Nach dem Wahldebakel in die Opposition
Martin Schulz will trotz historischer Schlappe Vorsitzender bleiben und die Partei erneuern
- Was hat er gekämpft. Martin Schulz, der hoch angesehene und doch auch gern bespöttelte Kanzlerkandidat der SPD aus Würselen. Der Mann, der auf Tuchfühlung mit seinen Wählern geht, der glaubhaft das Gefühl vermitteln kann, dass er weiß, wie viel eine Putzfrau verdient und was eine Alleinerziehende für Probleme hat. Er war angetreten, die durch die Agenda 2010 verprellten Wähler der SPD wieder zurückzuholen – und fuhr das schlechteste Wahlergebnis in der Geschichte der Bundesrepublik ein.
„Heute ist ein schwerer und ein bitterer Tag für die deutsche Sozialdemokratie“, räumt Martin Schulz die Niederlage ein. Das Entsetzen steht ihm ins Gesicht geschrieben, doch der SPD-Chef gibt sich kämpferisch, ruft dazu auf, das Ergebnis und den Wahlkampf offen und sorgfältig zu analysieren.

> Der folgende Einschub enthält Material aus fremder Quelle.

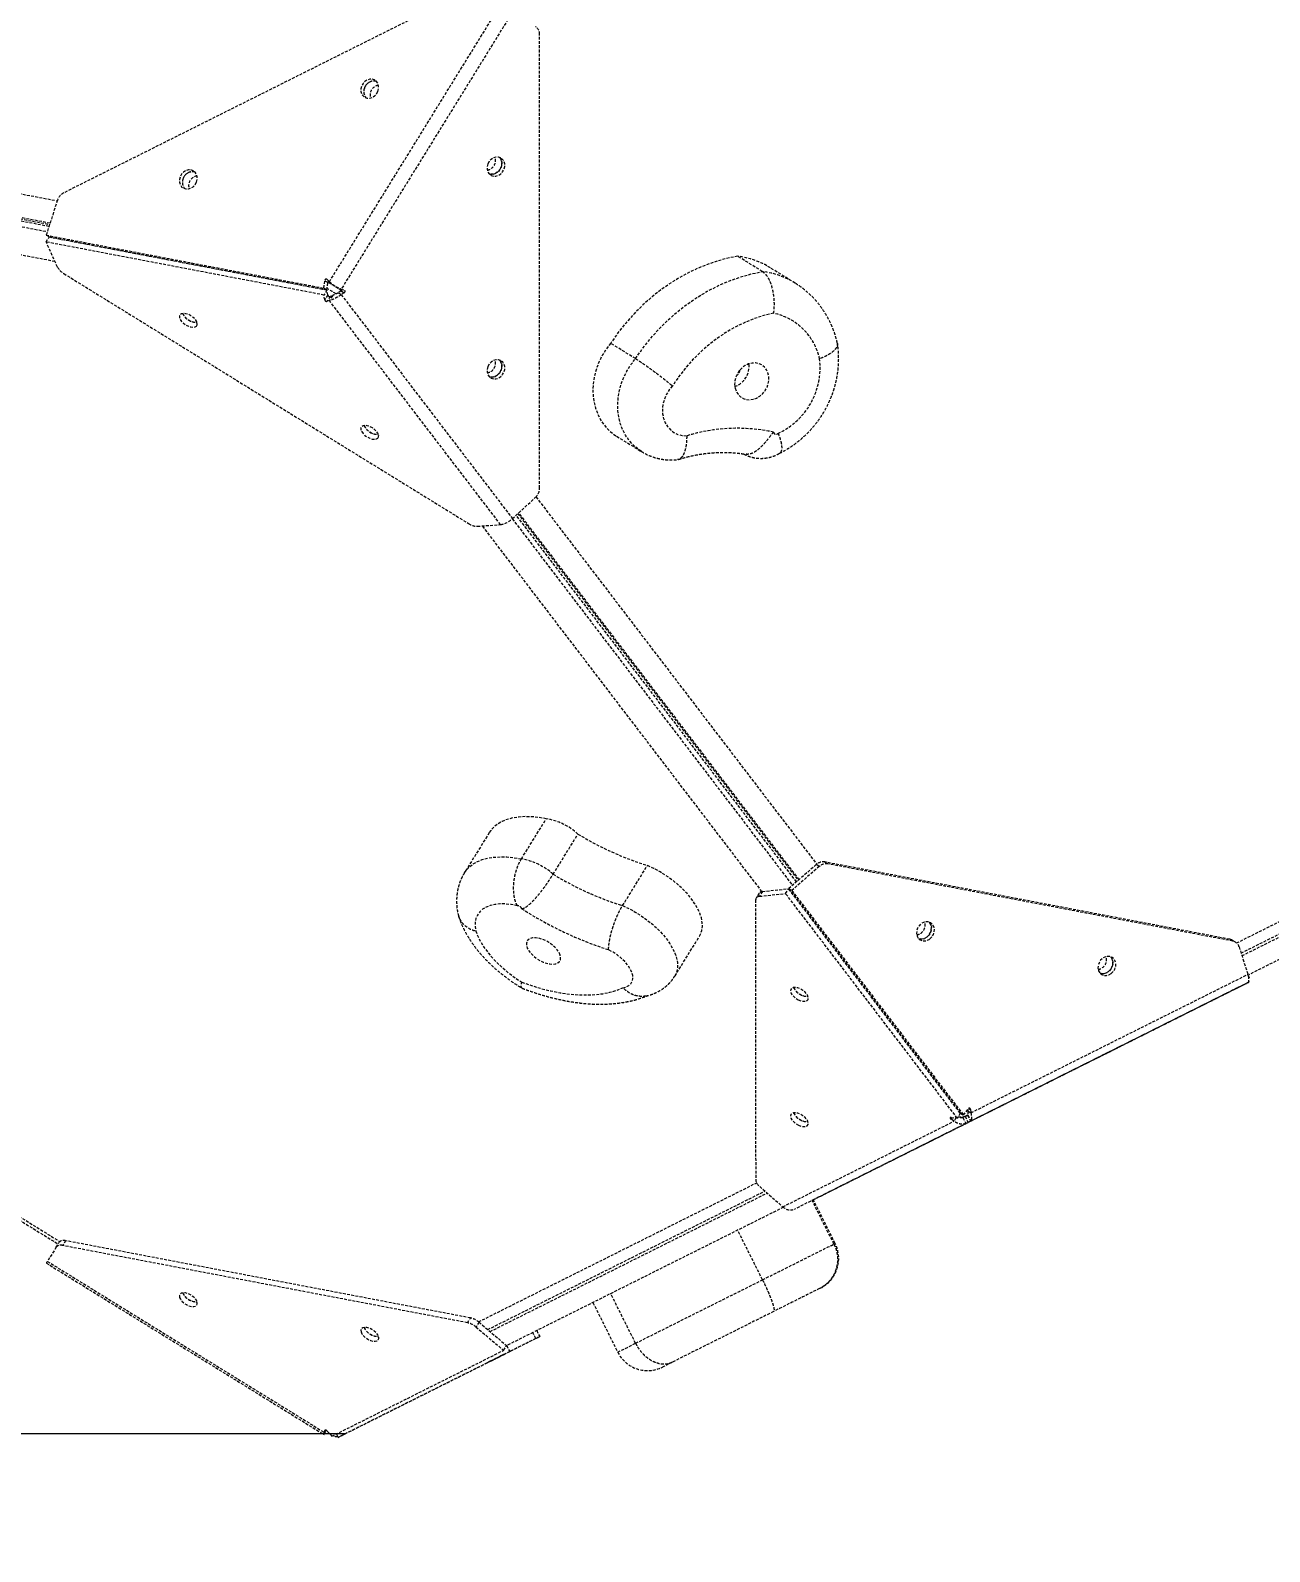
# Model space of a CAD drawing. Header units: millimetres. Extents: x -3485 to 2910, y -2710 to 2433.
# Drawn here: x 526 to 1083, y -611 to 74 of the extents above; entities that cross this region are included whole.
import ezdxf

# ---------------------------------------------------------------- set-up
doc = ezdxf.new("R2010")
doc.units = ezdxf.units.MM
doc.linetypes.add('HIDDEN', pattern=[1.905, 1.27, -0.635])
for name, color, linetype in [('DIKOM_ОБЪЕКТ', 7, 'Continuous'), ('DIKOM_РАЗМЕР_ЗОНА', 7, 'Continuous'), ('DIKOM_РАЗМЕР_ОБЪЕКТА', 7, 'Continuous')]:
    doc.layers.add(name, color=color, linetype=linetype)
doc.styles.add('style1', font='arialbd.ttf', dxfattribs={"width": 0.8})
doc.dimstyles.new('1-50', dxfattribs={"dimtxt": 300, "dimasz": 200, "dimexe": 100, "dimexo": 0, "dimgap": 100, "dimtad": 1, "dimtxsty": 'style1', "dimcen": 200, "dimclrd": 7, "dimclre": 7, "dimclrt": 7, "dimadec": 1, "dimazin": 2, "dimtfac": 1, "dimtmove": 0, "dimatfit": 2, "dimfxl": 0, "dimlwd": 25, "dimlwe": 18, "dimarcsym": 0})

# ---------------------------------------------------------------- blocks, each defined once
blk = doc.blocks.new('*D0')
at = {"layer": 'Defpoints', "color": 0, "transparency": 16777216}
for p in [(-984.73, -181.8), (1408.5, -182.4), (1408.5, -1080.66)]:
    blk.add_point(p, dxfattribs=at)
at = {"layer": 'DIKOM_РАЗМЕР_ОБЪЕКТА', "color": 7, "lineweight": 18, "transparency": 16777216}
for p, q in [((-984.73, -181.8), (-984.73, -1180.66)), ((1408.5, -182.4), (1408.5, -1180.66))]:
    blk.add_line(p, q, dxfattribs=at)
at = {"layer": 'DIKOM_РАЗМЕР_ОБЪЕКТА', "color": 7, "lineweight": 25, "transparency": 16777216}
blk.add_line((-784.73, -1080.66), (1208.5, -1080.66), dxfattribs=at)
at = {"layer": 'DIKOM_РАЗМЕР_ОБЪЕКТА', "color": 7, "transparency": 16777216}
for points in [[(-784.73, -1047.33), (-784.73, -1113.99), (-984.73, -1080.66)], [(1208.5, -1047.33), (1208.5, -1113.99), (1408.5, -1080.66)]]:
    blk.add_solid(points, dxfattribs=at)
at = {"layer": 'DIKOM_РАЗМЕР_ОБЪЕКТА', "color": 7, "transparency": 16777216, "insert": (331.81, -827.49), "char_height": 300, "attachment_point": 5, "style": 'style1'}
blk.add_mtext('{\\fArial|b0|i0|c204|p34;2400}', dxfattribs=at)
blk = doc.blocks.new('*D1')
at = {"layer": 'Defpoints', "color": 0, "transparency": 16777216}
for p in [(945.52, 932.59), (-1315.58, -557.62), (667.32, -557.62)]:
    blk.add_point(p, dxfattribs=at)
at = {"layer": 'DIKOM_РАЗМЕР_ОБЪЕКТА', "color": 7, "lineweight": 18, "transparency": 16777216}
for p, q in [((945.52, 932.59), (-1415.58, 932.59)), ((667.32, -557.62), (-1415.58, -557.62))]:
    blk.add_line(p, q, dxfattribs=at)
at = {"layer": 'DIKOM_РАЗМЕР_ОБЪЕКТА', "color": 7, "lineweight": 25, "transparency": 16777216}
blk.add_line((-1315.58, 732.59), (-1315.58, -357.62), dxfattribs=at)
at = {"layer": 'DIKOM_РАЗМЕР_ОБЪЕКТА', "color": 7, "transparency": 16777216}
for points in [[(-1348.92, 732.59), (-1282.25, 732.59), (-1315.58, 932.59)], [(-1348.92, -357.62), (-1282.25, -357.62), (-1315.58, -557.62)]]:
    blk.add_solid(points, dxfattribs=at)
at = {"layer": 'DIKOM_РАЗМЕР_ОБЪЕКТА', "color": 7, "transparency": 16777216, "insert": (-1568.76, 187.48), "char_height": 300, "attachment_point": 5, "rotation": 90, "style": 'style1'}
blk.add_mtext('{\\fArial|b0|i0|c204|p34;1500}', dxfattribs=at)
blk = doc.blocks.new('*D3')
at = {"layer": 'Defpoints', "color": 0, "transparency": 16777216}
for p in [(1104.7, 2433.05), (-3035.21, -2058.94), (798.95, -2058.94)]:
    blk.add_point(p, dxfattribs=at)
at = {"layer": 'DIKOM_РАЗМЕР_ЗОНА', "color": 7, "lineweight": 18, "transparency": 16777216}
for p, q in [((1104.7, 2433.05), (-3135.21, 2433.05)), ((798.95, -2058.94), (-3135.21, -2058.94))]:
    blk.add_line(p, q, dxfattribs=at)
at = {"layer": 'DIKOM_РАЗМЕР_ЗОНА', "color": 7, "lineweight": 25, "transparency": 16777216}
blk.add_line((-3035.21, 2233.05), (-3035.21, -1858.94), dxfattribs=at)
at = {"layer": 'DIKOM_РАЗМЕР_ЗОНА', "color": 7, "transparency": 16777216}
for points in [[(-3068.54, 2233.05), (-3001.87, 2233.05), (-3035.21, 2433.05)], [(-3068.54, -1858.94), (-3001.87, -1858.94), (-3035.21, -2058.94)]]:
    blk.add_solid(points, dxfattribs=at)
at = {"layer": 'DIKOM_РАЗМЕР_ЗОНА', "color": 7, "transparency": 16777216, "insert": (-3288.38, 360.58), "char_height": 300, "attachment_point": 5, "rotation": 90, "style": 'style1'}
blk.add_mtext('{\\fArial|b0|i0|c204|p34;4500}', dxfattribs=at)

msp = doc.modelspace()

# ---------------------------------------------------------------- linework, layer by layer
at = {"layer": 'DIKOM_ОБЪЕКТ', "color": 7, "linetype": 'HIDDEN', "lineweight": 15}
for p, q in [((722.845, 92.295), (540.646, 1.179)), ((660.192, -38.845), (737.233, 85.828)), ((742.6, 82.511), (665.559, -42.162)), ((754.838, -131.773), (754.821, 72.537)), ((333.219, 36.651), (537.745, -2.401)), ((329.21, 22.698), (533.247, -16.261)), ((533.989, -13.975), (329.88, 24.997)), ((330.157, 25.944), (534.294, -13.034)), ((534.469, -12.494), (330.315, 26.487)), ((536.713, -29.766), (333.223, 9.088)), ((537.824, -2.155), (532.729, -17.857)), ((532.729, -17.857), (657.753, -41.729)), ((534.071, -18.686), (532.729, -17.857)), ((532.729, -20.952), (534.071, -18.781)), ((534.071, -18.686), (659.095, -42.559)), ((659.095, -42.654), (534.071, -18.781)), ((657.753, -44.825), (532.729, -20.952)), ((537.827, -32.23), (532.729, -20.952)), ((855.125, -34.264), (843.945, -27.355)), ((869.884, -39.493), (858.703, -32.584)), ((540.649, -35.162), (722.866, -147.762)), ((657.753, -41.729), (658.109, -38.42)), ((659.451, -39.249), (658.109, -38.42)), ((659.095, -42.559), (659.451, -39.249)), ((659.214, -37.867), (660.192, -38.845)), ((659.095, -42.559), (657.753, -41.729)), ((659.095, -42.654), (657.753, -44.825)), ((658.11, -46.98), (657.753, -44.825)), ((659.452, -44.809), (658.11, -46.98)), ((659.452, -44.809), (659.095, -42.654)), ((660.557, -45.492), (659.215, -47.663)), ((660.193, -47.361), (659.215, -47.663)), ((661.535, -45.19), (660.193, -47.361)), ((737.253, -148.209), (660.193, -47.361)), ((661.535, -45.19), (660.557, -45.492)), ((665.53, -43.005), (664.218, -43.848)), ((664.218, -43.848), (665.56, -44.677)), ((665.53, -43.005), (666.871, -43.834)), ((665.559, -42.162), (666.871, -42.599)), ((666.871, -43.834), (665.56, -44.677)), ((665.56, -44.677), (742.619, -145.526)), ((797.995, -73.476), (786.814, -66.567)), ((789.49, -108.417), (800.67, -115.326)), ((742.619, -145.526), (752.995, -135.905)), ((753.185, -135.72), (879.561, -301.132)), ((745.019, -143.3), (871.182, -308.434)), ((871.606, -308.063), (745.434, -142.916)), ((726.876, -148.966), (737.253, -148.209)), ((854.909, -313.46), (729.111, -148.803)), ((742.539, -145.599), (868.64, -310.652)), ((870.44, -309.081), (744.296, -143.971)), ((1068.506, -336.605), (1273.648, -234.023)), ((1070.538, -341.152), (1275.126, -238.846)), ((1070.927, -342.367), (1275.516, -240.061)), ((1273.651, -251.056), (1073.706, -351.04)), ((746.636, -298.749), (757.815, -280.659)), ((732.153, -286.942), (720.973, -305.032)), ((760.907, -305.64), (772.086, -287.549)), ((879.331, -301.322), (866.965, -312.114)), ((880.673, -302.151), (879.331, -301.322)), ((883.216, -300.14), (884.558, -300.969)), ((1065.433, -334.935), (883.216, -300.14)), ((1066.775, -335.764), (884.558, -300.969)), ((792.164, -319.778), (803.344, -301.687)), ((880.673, -302.151), (868.306, -312.943)), ((853.615, -314.232), (852.273, -316.403)), ((855.116, -313.431), (853.774, -315.602)), ((853.774, -315.602), (865.538, -314.327)), ((855.116, -313.431), (866.88, -312.156)), ((865.538, -314.327), (866.88, -312.156)), ((942.817, -415.479), (865.538, -314.327)), ((944.159, -413.309), (866.88, -312.156)), ((866.965, -312.114), (868.306, -312.943)), ((866.965, -312.114), (944.244, -413.266)), ((868.306, -312.943), (945.586, -414.095)), ((852.054, -317.223), (852.068, -443.13)), ((815.65, -351.576), (826.83, -333.485)), ((1066.775, -335.764), (1065.433, -334.935)), ((1068.022, -336.247), (1066.68, -335.418)), ((1069.646, -338.374), (1073.611, -350.732)), ((948.945, -413.072), (1073.611, -350.732)), ((1073.612, -354.441), (948.946, -416.781)), ((949.135, -416.699), (1074.163, -354.182)), ((1069.066, -356.729), (1074.163, -354.182)), ((1073.717, -351.034), (1074.163, -352.269)), ((1073.976, -352.154), (1074.163, -352.269)), ((1074.163, -354.182), (1074.007, -353.871)), ((1074.163, -352.269), (1074.008, -352.347)), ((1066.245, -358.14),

Kurz nach 18.30 Uhr, im WillyBrandt-Haus herrschen Schockstimmung und Frust – eigentlich. Doch durchs Atrium der Parteizentrale schalt es „Martin, Martin“. Der gescheiterte Hoffnungsträger, dem niemand abspricht, hervorragend gekämpft zu haben, wird gefeiert. Schulz bedankt sich freundlich, versucht nicht, die Klatsche zu beschönigen. Er zeigt sich schockiert über das Abschneiden der AfD. „Das ist eine Zäsur, und kein Demokrat kann darüber einfach hinweggehen“, ruft der SPD-Chef seinen Anhängern zu.